__AIM OF THE EXERCISE__:
Every line in the records below with the string "blocks" needs to be copied out.

__EXERCISE INPUT__:
⁂

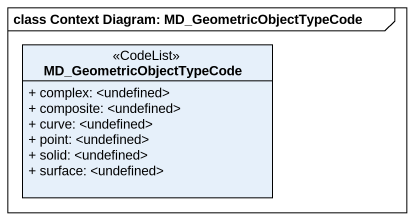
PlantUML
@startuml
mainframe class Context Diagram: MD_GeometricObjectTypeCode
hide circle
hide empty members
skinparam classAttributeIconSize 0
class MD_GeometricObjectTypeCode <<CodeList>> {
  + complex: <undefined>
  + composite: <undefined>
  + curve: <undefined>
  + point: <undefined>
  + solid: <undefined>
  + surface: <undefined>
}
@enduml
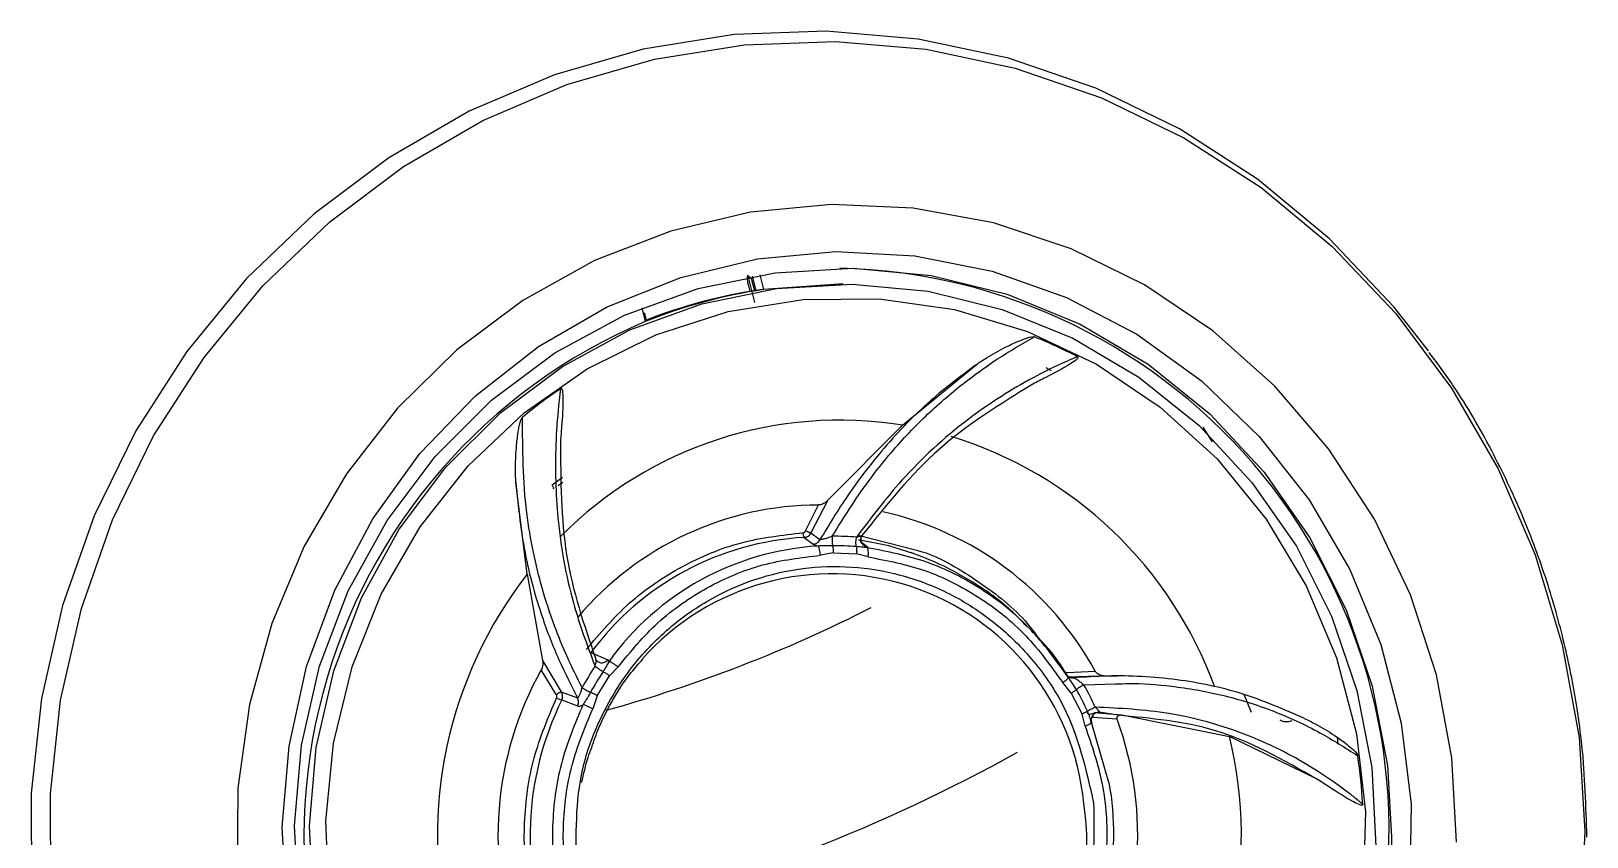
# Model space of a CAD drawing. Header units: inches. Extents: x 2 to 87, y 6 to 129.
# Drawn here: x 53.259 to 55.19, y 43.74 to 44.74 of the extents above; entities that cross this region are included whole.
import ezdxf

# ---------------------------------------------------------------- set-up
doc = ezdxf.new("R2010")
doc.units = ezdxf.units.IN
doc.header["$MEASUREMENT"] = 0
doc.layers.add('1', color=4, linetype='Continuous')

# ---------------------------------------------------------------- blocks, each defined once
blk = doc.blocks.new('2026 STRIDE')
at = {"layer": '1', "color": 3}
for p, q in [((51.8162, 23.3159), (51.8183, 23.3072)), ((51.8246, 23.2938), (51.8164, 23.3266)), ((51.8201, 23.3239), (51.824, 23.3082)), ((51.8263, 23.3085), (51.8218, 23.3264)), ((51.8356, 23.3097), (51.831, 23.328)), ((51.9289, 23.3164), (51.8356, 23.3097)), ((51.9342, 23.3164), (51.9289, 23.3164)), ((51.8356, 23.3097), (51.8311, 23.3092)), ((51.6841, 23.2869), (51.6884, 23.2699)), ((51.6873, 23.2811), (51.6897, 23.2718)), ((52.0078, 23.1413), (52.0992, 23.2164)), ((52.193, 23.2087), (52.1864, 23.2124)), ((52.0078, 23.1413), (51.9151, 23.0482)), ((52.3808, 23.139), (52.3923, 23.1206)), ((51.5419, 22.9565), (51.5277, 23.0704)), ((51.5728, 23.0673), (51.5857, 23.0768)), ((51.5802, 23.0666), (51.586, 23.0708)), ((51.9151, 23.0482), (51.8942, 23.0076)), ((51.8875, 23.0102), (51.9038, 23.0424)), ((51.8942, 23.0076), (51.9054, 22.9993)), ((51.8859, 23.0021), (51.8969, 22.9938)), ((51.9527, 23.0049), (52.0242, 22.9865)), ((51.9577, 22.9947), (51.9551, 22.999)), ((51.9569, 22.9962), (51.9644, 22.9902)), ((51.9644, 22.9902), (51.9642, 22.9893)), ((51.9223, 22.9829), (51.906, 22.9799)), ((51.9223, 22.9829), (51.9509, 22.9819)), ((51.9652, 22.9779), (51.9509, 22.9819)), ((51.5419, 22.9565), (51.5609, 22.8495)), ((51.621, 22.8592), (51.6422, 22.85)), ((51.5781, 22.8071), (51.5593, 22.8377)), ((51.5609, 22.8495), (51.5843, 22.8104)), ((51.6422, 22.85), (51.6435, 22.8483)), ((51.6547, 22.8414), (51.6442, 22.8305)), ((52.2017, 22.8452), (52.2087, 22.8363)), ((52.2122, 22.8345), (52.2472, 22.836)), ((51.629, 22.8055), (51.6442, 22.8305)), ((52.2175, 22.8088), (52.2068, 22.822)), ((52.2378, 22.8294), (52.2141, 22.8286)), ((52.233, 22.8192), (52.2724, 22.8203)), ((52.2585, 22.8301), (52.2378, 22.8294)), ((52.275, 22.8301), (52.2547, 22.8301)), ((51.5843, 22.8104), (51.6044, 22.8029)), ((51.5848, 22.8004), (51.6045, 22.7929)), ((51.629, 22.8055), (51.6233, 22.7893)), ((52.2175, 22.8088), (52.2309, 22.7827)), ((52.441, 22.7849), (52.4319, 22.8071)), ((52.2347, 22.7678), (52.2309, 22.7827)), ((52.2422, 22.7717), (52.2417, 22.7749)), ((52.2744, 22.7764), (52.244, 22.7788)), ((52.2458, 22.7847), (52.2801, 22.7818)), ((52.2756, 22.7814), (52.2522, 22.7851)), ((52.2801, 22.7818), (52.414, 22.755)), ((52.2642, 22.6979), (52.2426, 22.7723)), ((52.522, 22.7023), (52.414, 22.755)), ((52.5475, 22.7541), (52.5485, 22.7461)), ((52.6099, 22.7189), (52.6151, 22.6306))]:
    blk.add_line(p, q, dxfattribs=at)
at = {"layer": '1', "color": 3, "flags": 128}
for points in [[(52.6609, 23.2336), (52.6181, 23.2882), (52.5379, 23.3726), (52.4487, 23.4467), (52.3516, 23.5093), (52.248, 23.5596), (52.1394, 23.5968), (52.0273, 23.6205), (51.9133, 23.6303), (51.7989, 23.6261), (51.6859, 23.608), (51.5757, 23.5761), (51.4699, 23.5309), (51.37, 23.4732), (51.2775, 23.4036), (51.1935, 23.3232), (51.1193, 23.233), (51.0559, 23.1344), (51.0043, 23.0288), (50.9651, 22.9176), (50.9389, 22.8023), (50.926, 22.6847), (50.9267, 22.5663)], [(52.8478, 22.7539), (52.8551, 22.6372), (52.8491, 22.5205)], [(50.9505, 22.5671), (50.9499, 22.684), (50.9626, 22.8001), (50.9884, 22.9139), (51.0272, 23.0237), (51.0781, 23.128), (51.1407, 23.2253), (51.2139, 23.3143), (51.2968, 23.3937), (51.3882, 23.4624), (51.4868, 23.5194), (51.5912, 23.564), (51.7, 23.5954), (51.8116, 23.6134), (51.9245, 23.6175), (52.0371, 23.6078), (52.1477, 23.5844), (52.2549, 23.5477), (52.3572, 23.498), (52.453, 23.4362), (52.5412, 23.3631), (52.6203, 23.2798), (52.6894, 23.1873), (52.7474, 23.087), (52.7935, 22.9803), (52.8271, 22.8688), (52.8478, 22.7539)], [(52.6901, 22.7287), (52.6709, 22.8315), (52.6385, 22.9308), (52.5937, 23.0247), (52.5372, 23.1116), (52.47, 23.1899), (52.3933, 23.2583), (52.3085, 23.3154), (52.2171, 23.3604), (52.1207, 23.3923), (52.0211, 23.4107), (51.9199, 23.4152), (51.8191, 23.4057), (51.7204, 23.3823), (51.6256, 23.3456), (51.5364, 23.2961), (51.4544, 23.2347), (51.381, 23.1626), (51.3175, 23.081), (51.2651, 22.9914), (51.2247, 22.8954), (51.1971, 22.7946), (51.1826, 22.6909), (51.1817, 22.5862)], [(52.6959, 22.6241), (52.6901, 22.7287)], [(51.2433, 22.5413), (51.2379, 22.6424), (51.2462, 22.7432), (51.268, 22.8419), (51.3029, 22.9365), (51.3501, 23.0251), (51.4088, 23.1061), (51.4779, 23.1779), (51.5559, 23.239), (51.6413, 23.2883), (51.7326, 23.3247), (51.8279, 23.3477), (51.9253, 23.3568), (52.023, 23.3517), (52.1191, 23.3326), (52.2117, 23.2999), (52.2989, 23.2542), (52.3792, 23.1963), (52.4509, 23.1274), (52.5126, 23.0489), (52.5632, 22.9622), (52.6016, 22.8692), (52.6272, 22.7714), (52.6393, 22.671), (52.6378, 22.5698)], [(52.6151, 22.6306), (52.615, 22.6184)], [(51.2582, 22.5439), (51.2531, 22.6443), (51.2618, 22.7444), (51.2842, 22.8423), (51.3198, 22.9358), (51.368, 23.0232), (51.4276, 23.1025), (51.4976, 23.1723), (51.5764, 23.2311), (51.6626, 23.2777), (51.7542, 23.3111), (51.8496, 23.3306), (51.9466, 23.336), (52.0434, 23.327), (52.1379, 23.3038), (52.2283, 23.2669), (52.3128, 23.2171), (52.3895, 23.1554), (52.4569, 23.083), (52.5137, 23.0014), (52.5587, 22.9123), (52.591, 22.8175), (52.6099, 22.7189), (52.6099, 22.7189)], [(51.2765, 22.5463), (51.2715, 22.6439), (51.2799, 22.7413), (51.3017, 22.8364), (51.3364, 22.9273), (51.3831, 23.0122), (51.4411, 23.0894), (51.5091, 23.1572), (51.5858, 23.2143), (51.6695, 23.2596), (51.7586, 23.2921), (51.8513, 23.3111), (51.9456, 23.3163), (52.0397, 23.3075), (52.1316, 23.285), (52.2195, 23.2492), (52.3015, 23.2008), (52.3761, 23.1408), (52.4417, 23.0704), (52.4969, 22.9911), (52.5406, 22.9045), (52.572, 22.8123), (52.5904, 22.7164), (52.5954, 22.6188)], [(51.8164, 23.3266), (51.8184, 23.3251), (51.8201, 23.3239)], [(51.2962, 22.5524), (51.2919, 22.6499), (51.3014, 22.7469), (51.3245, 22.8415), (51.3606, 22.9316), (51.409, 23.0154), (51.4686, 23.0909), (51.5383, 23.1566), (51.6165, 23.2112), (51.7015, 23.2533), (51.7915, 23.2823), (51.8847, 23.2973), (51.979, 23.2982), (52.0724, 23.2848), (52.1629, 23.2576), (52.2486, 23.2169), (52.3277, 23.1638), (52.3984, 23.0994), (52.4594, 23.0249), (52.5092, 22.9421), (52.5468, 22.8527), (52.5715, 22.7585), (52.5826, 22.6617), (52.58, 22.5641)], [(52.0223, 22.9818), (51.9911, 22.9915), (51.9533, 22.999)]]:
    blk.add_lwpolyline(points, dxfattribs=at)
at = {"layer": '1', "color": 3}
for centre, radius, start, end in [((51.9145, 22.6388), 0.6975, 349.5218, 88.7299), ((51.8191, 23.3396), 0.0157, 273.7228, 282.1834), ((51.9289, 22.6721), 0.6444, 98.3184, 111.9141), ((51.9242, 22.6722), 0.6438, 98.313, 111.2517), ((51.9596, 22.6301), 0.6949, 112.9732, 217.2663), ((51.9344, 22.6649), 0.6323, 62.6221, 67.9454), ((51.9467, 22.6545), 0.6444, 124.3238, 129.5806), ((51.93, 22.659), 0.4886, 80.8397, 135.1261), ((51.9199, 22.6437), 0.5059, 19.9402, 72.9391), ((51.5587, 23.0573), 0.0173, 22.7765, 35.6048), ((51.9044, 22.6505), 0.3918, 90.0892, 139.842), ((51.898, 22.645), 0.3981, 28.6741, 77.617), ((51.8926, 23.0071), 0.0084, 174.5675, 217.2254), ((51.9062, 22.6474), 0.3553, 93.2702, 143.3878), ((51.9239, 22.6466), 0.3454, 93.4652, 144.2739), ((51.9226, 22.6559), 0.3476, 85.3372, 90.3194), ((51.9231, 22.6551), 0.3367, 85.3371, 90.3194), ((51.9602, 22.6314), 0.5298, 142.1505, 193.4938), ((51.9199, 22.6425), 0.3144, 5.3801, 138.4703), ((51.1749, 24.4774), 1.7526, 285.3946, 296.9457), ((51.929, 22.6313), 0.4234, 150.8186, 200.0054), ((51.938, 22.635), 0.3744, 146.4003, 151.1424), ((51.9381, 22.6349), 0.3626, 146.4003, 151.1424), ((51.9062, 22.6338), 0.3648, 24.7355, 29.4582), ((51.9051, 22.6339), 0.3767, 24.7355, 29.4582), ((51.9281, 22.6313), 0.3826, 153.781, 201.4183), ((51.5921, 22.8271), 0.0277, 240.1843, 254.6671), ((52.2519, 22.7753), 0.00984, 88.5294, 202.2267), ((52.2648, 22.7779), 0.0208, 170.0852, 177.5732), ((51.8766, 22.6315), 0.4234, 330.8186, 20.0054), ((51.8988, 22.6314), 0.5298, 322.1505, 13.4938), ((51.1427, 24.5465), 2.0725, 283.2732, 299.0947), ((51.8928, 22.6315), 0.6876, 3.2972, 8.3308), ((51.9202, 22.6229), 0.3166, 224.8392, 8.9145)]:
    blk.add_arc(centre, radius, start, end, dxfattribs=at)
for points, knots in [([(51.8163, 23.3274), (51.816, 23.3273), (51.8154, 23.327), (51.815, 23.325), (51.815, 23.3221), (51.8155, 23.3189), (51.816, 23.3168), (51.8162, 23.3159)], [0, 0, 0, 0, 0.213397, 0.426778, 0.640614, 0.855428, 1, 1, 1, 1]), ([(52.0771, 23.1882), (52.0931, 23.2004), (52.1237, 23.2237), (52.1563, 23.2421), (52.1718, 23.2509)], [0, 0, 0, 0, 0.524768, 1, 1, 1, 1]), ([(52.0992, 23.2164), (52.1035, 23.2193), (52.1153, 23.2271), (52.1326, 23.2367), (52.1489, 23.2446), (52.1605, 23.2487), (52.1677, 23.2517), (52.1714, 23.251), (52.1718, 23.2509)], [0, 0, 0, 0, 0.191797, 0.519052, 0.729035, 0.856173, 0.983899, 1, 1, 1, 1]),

⁂

__SOLVED EXERCISE__:
# ---------------------------------------------------------------- blocks, each defined once
blk = doc.blocks.new('2026 STRIDE')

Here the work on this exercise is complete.